1. Step 2 of Protein Synthesis
Translation
Step 2 of Protein Synthesis

2. Molecular Components
Transfer RNA: takes amino acids from the cytoplasm to a ribosome
Each tRNA carries a specific amino acid at one end and has an anticodon on the other end.
Anticodon: a nucleotide triplet which base- pairs with a complementary codon on mRNA.
tRNA is a translator because it reads a nucleic acid word (mRNA codon) and interprets it as a protein word (amino acid).

3. Molecular Components The structure and function of tRNA:
Job – to take a specific amino acid to the ribosome, then go pick up another from the cytosol
Looks like a cloverleaf if flattened into a 2D structure due to the H-bonding between bases
Its 3D shape is roughly an “L.”
An enzyme called aminoacyl-tRNA synthetase attaches a given amino acid to the appropriate tRNA. There is a different synthetase for each amino acid.
tRNAs can sometimes match multiple codons because of the third base pair not needing to match exactly (“wobble”)

5. Molecular Components Ribosomes
Facilitate the coupling of tRNA anticodons with mRNA codons during protein synthesis
2 subunits: large and small
Made of proteins and rRNA (ribosomal RNA)
Cells contain thousands of ribosomes, so rRNA is the most abundant type of RNA.
Since prokaryotic ribosomes are different from eukaryotic ribosomes, antibiotic drugs are able to inactivate them without inhibiting the ability of eukaryotic cells to make proteins.

6. Molecular Components Ribosomes Each has 3 binding sites:
P site: (peptidyl-tRNA site) holds the tRNA carrying the growing polypeptide chain
A site: (aminoacyl-tRNA site) holds the tRNA carrying the next amino acid to be added to the chain
E site: (exit site) where discharged tRNAs leave the ribosome
The ribosome forms peptide bonds between the amino acids.

8. Building a Polypeptide
3 stages:
Initiation –
The small ribosomal unit binds to an initiator tRNA (carrying Methionine) and mRNA, and then finds the start codon (AUG);
Next, proteins called initiation factors bring this complex and the large ribosomal unit together;
Then, the initiator tRNA is in the P site.

9. Building a Polypeptide
Elongation
Involves proteins called elongation factors
Uses energy from GTP (like ATP)
mRNA is moved through the ribosome in the 5’ to 3’ direction only
Many ribosomes may trail along one mRNA at a time (polyribosomes)
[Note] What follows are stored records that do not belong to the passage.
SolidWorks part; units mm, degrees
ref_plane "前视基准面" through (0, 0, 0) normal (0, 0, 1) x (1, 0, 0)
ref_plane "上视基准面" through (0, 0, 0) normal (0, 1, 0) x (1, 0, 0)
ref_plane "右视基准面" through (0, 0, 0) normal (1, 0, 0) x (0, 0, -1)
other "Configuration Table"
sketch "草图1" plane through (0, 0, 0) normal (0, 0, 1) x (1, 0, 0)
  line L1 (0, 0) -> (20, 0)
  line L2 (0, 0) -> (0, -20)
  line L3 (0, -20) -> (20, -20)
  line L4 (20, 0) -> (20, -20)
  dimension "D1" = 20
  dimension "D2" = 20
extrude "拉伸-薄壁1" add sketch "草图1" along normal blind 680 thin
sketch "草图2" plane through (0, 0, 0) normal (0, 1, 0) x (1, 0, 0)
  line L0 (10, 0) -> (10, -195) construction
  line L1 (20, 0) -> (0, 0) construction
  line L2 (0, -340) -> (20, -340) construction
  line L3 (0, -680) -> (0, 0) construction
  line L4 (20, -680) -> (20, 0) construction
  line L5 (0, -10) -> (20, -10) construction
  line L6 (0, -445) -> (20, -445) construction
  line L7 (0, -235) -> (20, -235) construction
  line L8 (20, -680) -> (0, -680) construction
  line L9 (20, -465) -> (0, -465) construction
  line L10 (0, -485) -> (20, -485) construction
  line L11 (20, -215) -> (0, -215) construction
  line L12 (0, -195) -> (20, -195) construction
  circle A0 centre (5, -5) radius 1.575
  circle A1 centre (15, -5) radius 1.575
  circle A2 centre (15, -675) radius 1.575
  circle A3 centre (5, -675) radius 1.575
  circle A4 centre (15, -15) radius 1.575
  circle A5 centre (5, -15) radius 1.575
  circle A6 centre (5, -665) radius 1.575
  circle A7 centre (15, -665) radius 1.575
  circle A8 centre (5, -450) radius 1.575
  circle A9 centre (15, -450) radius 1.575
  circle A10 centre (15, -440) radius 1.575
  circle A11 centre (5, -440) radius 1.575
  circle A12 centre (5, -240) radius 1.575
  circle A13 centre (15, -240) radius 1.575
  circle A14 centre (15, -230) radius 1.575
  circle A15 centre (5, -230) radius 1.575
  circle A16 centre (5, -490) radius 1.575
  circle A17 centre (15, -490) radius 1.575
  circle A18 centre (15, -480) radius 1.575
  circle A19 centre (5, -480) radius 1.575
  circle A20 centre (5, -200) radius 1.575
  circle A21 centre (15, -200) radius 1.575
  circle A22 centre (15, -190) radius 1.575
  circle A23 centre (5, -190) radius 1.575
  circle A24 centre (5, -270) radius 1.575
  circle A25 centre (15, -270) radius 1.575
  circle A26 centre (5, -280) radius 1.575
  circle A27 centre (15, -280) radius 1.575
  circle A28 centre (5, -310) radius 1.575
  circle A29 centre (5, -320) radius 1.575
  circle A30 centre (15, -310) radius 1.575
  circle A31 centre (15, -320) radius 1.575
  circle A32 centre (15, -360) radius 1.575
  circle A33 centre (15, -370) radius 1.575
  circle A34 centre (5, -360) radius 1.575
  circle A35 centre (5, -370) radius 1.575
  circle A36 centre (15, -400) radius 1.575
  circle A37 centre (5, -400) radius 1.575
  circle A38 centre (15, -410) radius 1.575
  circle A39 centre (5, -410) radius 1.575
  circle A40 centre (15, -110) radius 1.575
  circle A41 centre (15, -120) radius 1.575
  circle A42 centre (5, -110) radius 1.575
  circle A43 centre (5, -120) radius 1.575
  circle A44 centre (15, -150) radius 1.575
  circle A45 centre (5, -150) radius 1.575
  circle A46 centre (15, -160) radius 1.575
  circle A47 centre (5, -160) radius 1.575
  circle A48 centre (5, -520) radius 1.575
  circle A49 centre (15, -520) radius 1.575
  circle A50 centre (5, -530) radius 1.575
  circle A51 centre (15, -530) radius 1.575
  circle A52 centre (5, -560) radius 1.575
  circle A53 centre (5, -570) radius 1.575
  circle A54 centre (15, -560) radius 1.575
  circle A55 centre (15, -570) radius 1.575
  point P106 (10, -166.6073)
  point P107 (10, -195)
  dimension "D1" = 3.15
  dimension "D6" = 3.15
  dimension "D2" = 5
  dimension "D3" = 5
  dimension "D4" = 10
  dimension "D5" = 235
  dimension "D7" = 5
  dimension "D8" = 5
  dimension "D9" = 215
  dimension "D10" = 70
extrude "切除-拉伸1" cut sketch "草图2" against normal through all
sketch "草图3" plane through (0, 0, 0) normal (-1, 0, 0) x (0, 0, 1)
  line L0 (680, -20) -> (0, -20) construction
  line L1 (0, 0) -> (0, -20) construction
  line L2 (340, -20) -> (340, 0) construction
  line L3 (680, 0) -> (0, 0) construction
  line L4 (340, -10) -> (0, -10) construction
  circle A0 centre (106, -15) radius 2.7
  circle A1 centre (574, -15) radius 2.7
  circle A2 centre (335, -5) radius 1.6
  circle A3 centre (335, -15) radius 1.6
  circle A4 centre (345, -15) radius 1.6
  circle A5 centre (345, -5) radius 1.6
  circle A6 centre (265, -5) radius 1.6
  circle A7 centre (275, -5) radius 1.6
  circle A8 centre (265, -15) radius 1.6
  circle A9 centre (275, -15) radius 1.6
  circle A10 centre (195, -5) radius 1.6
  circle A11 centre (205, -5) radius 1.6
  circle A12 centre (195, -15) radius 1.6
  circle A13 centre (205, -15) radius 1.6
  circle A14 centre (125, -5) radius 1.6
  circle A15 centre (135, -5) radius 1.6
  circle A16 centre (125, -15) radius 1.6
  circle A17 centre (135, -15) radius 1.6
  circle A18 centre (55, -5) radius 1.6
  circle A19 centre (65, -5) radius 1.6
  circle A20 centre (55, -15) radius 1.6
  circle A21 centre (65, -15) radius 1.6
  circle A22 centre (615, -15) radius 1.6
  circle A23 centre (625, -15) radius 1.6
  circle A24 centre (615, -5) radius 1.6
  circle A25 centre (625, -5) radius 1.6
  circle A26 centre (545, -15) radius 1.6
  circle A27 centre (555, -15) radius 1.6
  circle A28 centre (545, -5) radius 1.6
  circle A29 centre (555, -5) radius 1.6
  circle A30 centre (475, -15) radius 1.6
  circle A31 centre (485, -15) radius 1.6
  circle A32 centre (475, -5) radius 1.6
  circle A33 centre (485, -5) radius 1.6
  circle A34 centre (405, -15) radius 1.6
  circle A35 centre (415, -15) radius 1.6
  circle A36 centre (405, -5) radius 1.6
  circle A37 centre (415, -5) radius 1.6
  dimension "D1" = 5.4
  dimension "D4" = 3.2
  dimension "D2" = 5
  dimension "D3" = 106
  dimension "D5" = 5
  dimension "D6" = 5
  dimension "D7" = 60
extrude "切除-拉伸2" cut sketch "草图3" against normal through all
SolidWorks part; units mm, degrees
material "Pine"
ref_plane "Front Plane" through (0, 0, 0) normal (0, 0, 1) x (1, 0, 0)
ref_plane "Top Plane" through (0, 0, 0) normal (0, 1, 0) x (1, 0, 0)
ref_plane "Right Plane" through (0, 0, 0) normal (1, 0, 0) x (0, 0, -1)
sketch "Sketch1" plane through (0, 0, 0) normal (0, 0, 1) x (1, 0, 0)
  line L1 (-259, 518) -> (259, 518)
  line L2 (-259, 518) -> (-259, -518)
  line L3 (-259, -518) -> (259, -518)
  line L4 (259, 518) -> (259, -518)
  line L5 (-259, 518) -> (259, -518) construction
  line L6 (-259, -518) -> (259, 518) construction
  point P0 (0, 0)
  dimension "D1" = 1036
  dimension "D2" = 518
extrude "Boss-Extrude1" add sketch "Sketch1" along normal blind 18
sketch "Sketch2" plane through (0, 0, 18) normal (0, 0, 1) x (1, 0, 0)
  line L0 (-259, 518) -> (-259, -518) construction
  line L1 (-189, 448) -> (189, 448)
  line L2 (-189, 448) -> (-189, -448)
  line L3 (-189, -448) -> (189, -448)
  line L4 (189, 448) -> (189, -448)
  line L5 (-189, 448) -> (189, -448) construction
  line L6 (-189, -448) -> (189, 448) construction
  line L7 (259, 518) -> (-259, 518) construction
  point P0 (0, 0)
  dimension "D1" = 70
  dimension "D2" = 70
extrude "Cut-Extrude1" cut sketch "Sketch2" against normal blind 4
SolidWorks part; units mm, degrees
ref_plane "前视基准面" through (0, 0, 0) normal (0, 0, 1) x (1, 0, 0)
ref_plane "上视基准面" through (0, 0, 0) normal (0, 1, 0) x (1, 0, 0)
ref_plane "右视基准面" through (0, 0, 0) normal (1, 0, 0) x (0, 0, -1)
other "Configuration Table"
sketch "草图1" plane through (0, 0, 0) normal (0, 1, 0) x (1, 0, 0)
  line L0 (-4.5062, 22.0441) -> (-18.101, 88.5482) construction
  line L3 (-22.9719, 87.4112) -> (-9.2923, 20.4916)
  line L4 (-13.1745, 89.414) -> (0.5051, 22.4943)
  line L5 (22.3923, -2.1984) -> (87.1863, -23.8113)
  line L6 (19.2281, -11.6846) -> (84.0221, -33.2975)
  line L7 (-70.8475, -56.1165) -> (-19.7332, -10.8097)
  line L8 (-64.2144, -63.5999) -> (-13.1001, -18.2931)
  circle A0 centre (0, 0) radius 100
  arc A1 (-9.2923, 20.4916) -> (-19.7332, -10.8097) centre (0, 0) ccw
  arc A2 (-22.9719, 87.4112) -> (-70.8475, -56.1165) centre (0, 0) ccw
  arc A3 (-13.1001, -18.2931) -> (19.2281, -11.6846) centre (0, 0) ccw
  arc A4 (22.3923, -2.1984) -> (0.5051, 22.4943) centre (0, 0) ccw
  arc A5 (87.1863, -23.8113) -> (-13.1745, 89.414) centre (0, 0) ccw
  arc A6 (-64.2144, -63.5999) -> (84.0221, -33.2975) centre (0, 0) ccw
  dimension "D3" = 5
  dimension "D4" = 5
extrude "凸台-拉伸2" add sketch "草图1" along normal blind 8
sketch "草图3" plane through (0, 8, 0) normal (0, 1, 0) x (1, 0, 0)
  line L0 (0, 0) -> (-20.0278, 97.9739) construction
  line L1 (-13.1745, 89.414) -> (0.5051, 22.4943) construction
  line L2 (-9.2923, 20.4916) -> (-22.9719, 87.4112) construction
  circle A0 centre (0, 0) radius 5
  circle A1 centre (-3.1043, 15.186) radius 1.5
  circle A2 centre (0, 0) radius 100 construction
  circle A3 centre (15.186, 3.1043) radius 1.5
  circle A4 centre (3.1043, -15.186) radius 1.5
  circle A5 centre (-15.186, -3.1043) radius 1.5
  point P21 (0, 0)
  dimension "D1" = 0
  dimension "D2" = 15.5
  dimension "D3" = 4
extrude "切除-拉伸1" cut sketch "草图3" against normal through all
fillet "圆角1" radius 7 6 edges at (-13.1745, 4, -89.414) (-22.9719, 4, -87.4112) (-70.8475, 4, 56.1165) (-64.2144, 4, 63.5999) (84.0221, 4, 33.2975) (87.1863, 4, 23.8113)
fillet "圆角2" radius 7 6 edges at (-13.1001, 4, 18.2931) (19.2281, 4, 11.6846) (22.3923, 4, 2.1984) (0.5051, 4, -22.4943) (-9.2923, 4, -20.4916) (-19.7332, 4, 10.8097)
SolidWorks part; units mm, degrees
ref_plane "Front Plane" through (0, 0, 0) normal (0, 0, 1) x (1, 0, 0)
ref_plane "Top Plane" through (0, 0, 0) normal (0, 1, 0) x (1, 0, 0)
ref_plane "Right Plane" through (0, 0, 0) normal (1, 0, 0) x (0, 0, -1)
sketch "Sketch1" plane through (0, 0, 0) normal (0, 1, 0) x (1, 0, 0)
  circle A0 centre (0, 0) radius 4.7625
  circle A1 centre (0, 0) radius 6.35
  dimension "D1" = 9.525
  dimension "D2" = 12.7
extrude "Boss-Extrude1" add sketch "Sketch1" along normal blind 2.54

10. Building a Polypeptide
Termination
Stop codon reaches the A site (triplets do not code for amino acids)
A protein called a release factor binds to the stop codon and causes the addition of a water molecule instead of an amino acid
The polypeptide is released
Translation assembly comes apart

11. Completing and Targeting the Functional Protein
Protein Folding and Post-translational modifications:
A protein may begin to coil and fold spontaneously.
Chaperone proteins (“chaperonins”) usually help the polypeptide fold correctly.
Examples of post-translational modifications before the protein can do its job… attachment of sugars, lipids, phosphate groups; removal of amino acids from the leading end; enzymatic cleaving into 2 or more pieces

12. Completing and Targeting the Functional Protein
Targeting Polypeptides to Specific Locations:
2 kinds of ribosomes –
Free: suspended in cytosol and mostly synthesize proteins that dissolve in the cytosol and function there
Bound: attached to the cytosolic side of the endoplasmic reticulum or nuclear envelope; make proteins of the endomembrane system as well as proteins secreted from the cell

13. Completing and Targeting the Functional Protein
Targeting Polypeptides to Specific Locations:
The above ribosomes are identical and can switch their status from free to bound.
Polypeptide synthesis always starts in the cytosol with a free ribosome.
If a protein that are destined for the endomembrane system are marked by a signal peptide.
As it emerges from the ribosome, a signal- recognition particle (SRP) recognizes it and brings the ribosome to a receptor protein built into the ER.